» **Work task**
Leaving the pictures aside, reproduce the data in full and word for word.

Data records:
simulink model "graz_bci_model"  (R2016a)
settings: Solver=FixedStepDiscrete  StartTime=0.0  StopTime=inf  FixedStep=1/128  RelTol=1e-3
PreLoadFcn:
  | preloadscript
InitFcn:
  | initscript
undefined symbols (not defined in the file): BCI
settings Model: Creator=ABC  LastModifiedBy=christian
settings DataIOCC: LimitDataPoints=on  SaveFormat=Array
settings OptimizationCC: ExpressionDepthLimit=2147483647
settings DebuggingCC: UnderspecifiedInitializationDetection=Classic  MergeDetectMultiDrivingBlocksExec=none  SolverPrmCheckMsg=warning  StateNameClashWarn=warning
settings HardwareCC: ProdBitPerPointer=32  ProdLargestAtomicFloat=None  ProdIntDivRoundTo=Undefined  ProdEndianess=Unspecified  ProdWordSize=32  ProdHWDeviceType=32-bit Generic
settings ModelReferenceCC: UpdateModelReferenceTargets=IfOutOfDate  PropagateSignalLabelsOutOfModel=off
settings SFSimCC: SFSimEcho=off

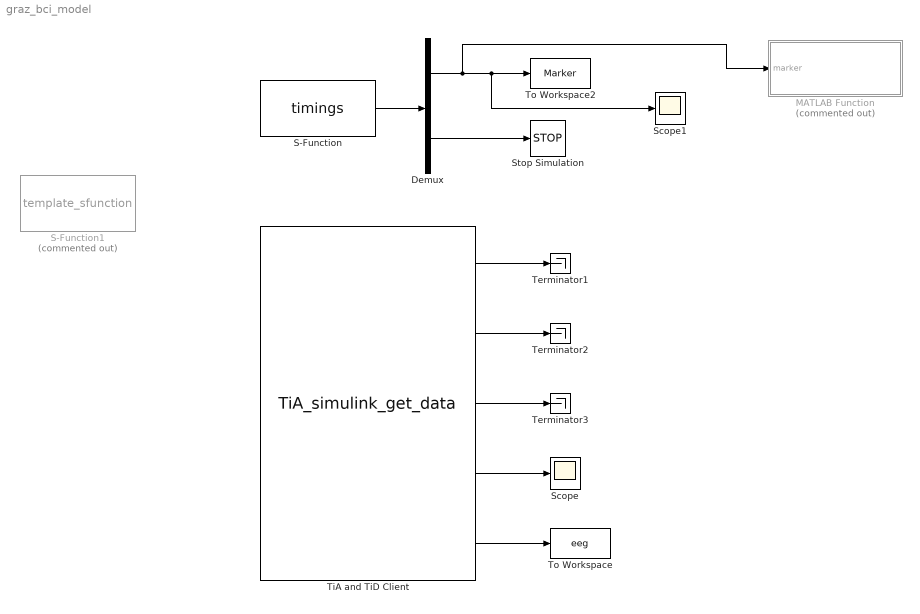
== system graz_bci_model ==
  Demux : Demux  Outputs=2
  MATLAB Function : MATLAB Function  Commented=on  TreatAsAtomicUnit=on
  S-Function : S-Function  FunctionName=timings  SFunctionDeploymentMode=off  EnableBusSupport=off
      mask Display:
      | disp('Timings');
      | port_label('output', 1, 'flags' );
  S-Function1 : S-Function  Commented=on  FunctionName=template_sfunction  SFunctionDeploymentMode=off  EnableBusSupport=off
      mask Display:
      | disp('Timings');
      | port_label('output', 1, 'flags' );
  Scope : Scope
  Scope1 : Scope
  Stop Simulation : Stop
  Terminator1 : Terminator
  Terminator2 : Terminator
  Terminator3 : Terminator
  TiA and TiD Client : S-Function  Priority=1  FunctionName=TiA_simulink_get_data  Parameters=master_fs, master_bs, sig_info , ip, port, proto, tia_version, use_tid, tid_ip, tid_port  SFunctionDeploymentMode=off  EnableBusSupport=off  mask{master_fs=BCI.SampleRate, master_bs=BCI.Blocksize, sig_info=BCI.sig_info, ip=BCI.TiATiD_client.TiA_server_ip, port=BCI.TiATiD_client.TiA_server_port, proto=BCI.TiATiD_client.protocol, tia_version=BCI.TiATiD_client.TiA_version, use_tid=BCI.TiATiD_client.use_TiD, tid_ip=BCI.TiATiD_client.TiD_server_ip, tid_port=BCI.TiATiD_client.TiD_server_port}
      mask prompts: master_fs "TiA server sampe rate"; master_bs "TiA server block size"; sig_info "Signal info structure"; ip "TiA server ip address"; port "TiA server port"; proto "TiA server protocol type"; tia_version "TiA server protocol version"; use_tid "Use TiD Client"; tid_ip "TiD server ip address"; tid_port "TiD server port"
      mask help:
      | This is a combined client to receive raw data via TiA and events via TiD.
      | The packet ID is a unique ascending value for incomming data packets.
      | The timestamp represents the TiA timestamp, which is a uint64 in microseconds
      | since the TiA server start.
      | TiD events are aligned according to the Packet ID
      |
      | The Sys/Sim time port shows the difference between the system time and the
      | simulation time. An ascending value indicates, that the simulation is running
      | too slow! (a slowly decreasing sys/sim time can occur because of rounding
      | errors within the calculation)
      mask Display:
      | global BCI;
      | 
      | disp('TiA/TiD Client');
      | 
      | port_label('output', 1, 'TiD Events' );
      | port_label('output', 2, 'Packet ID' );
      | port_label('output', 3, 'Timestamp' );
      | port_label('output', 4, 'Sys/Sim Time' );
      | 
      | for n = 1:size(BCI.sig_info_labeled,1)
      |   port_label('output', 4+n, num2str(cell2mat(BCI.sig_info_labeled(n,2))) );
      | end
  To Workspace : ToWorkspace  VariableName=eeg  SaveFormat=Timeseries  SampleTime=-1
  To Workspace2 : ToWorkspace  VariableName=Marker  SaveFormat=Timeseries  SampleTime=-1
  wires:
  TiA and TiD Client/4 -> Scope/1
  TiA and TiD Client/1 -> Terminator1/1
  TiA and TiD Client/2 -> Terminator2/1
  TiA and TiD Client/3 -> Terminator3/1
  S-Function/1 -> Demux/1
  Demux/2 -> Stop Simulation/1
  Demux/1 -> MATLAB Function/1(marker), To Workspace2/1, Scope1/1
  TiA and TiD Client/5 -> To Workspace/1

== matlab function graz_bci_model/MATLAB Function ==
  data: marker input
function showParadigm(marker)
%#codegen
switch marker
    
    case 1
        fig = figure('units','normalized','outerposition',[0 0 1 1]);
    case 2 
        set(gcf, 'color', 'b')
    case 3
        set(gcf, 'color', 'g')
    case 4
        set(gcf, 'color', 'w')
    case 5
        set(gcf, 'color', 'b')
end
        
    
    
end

» **Exercise answer**
simulink model "graz_bci_model"  (R2016a)
settings: Solver=FixedStepDiscrete  StartTime=0.0  StopTime=inf  FixedStep=1/128  RelTol=1e-3
PreLoadFcn:
  | preloadscript
InitFcn:
  | initscript
undefined symbols (not defined in the file): BCI
settings Model: Creator=ABC  LastModifiedBy=christian
settings DataIOCC: LimitDataPoints=on  SaveFormat=Array
settings OptimizationCC: ExpressionDepthLimit=2147483647
settings DebuggingCC: UnderspecifiedInitializationDetection=Classic  MergeDetectMultiDrivingBlocksExec=none  SolverPrmCheckMsg=warning  StateNameClashWarn=warning
settings HardwareCC: ProdBitPerPointer=32  ProdLargestAtomicFloat=None  ProdIntDivRoundTo=Undefined  ProdEndianess=Unspecified  ProdWordSize=32  ProdHWDeviceType=32-bit Generic
settings ModelReferenceCC: UpdateModelReferenceTargets=IfOutOfDate  PropagateSignalLabelsOutOfModel=off
settings SFSimCC: SFSimEcho=off

== system graz_bci_model ==
  Demux : Demux  Outputs=2
  MATLAB Function : MATLAB Function  Commented=on  TreatAsAtomicUnit=on
  S-Function : S-Function  FunctionName=timings  SFunctionDeploymentMode=off  EnableBusSupport=off
      mask Display:
      | disp('Timings');
      | port_label('output', 1, 'flags' );
  S-Function1 : S-Function  Commented=on  FunctionName=template_sfunction  SFunctionDeploymentMode=off  EnableBusSupport=off
      mask Display:
      | disp('Timings');
      | port_label('output', 1, 'flags' );
  Scope : Scope
  Scope1 : Scope
  Stop Simulation : Stop
  Terminator1 : Terminator
  Terminator2 : Terminator
  Terminator3 : Terminator
  TiA and TiD Client : S-Function  Priority=1  FunctionName=TiA_simulink_get_data  Parameters=master_fs, master_bs, sig_info , ip, port, proto, tia_version, use_tid, tid_ip, tid_port  SFunctionDeploymentMode=off  EnableBusSupport=off  mask{master_fs=BCI.SampleRate, master_bs=BCI.Blocksize, sig_info=BCI.sig_info, ip=BCI.TiATiD_client.TiA_server_ip, port=BCI.TiATiD_client.TiA_server_port, proto=BCI.TiATiD_client.protocol, tia_version=BCI.TiATiD_client.TiA_version, use_tid=BCI.TiATiD_client.use_TiD, tid_ip=BCI.TiATiD_client.TiD_server_ip, tid_port=BCI.TiATiD_client.TiD_server_port}
      mask prompts: master_fs "TiA server sampe rate"; master_bs "TiA server block size"; sig_info "Signal info structure"; ip "TiA server ip address"; port "TiA server port"; proto "TiA server protocol type"; tia_version "TiA server protocol version"; use_tid "Use TiD Client"; tid_ip "TiD server ip address"; tid_port "TiD server port"
      mask help:
      | This is a combined client to receive raw data via TiA and events via TiD.
      | The packet ID is a unique ascending value for incomming data packets.
      | The timestamp represents the TiA timestamp, which is a uint64 in microseconds
      | since the TiA server start.
      | TiD events are aligned according to the Packet ID
      |
      | The Sys/Sim time port shows the difference between the system time and the
      | simulation time. An ascending value indicates, that the simulation is running
      | too slow! (a slowly decreasing sys/sim time can occur because of rounding
      | errors within the calculation)
      mask Display:
      | global BCI;
      | 
      | disp('TiA/TiD Client');
      | 
      | port_label('output', 1, 'TiD Events' );
      | port_label('output', 2, 'Packet ID' );
      | port_label('output', 3, 'Timestamp' );
      | port_label('output', 4, 'Sys/Sim Time' );
      | 
      | for n = 1:size(BCI.sig_info_labeled,1)
      |   port_label('output', 4+n, num2str(cell2mat(BCI.sig_info_labeled(n,2))) );
      | end
  To Workspace : ToWorkspace  VariableName=eeg  SaveFormat=Timeseries  SampleTime=-1
  To Workspace2 : ToWorkspace  VariableName=Marker  SaveFormat=Timeseries  SampleTime=-1
  wires:
  TiA and TiD Client/4 -> Scope/1
  TiA and TiD Client/1 -> Terminator1/1
  TiA and TiD Client/2 -> Terminator2/1
  TiA and TiD Client/3 -> Terminator3/1
  S-Function/1 -> Demux/1
  Demux/2 -> Stop Simulation/1
  Demux/1 -> MATLAB Function/1(marker), To Workspace2/1, Scope1/1
  TiA and TiD Client/5 -> To Workspace/1

== matlab function graz_bci_model/MATLAB Function ==
  data: marker input
function showParadigm(marker)
%#codegen
switch marker
    
    case 1
        fig = figure('units','normalized','outerposition',[0 0 1 1]);
    case 2 
        set(gcf, 'color', 'b')
    case 3
        set(gcf, 'color', 'g')
    case 4
        set(gcf, 'color', 'w')
    case 5
        set(gcf, 'color', 'b')
end
        
    
    
end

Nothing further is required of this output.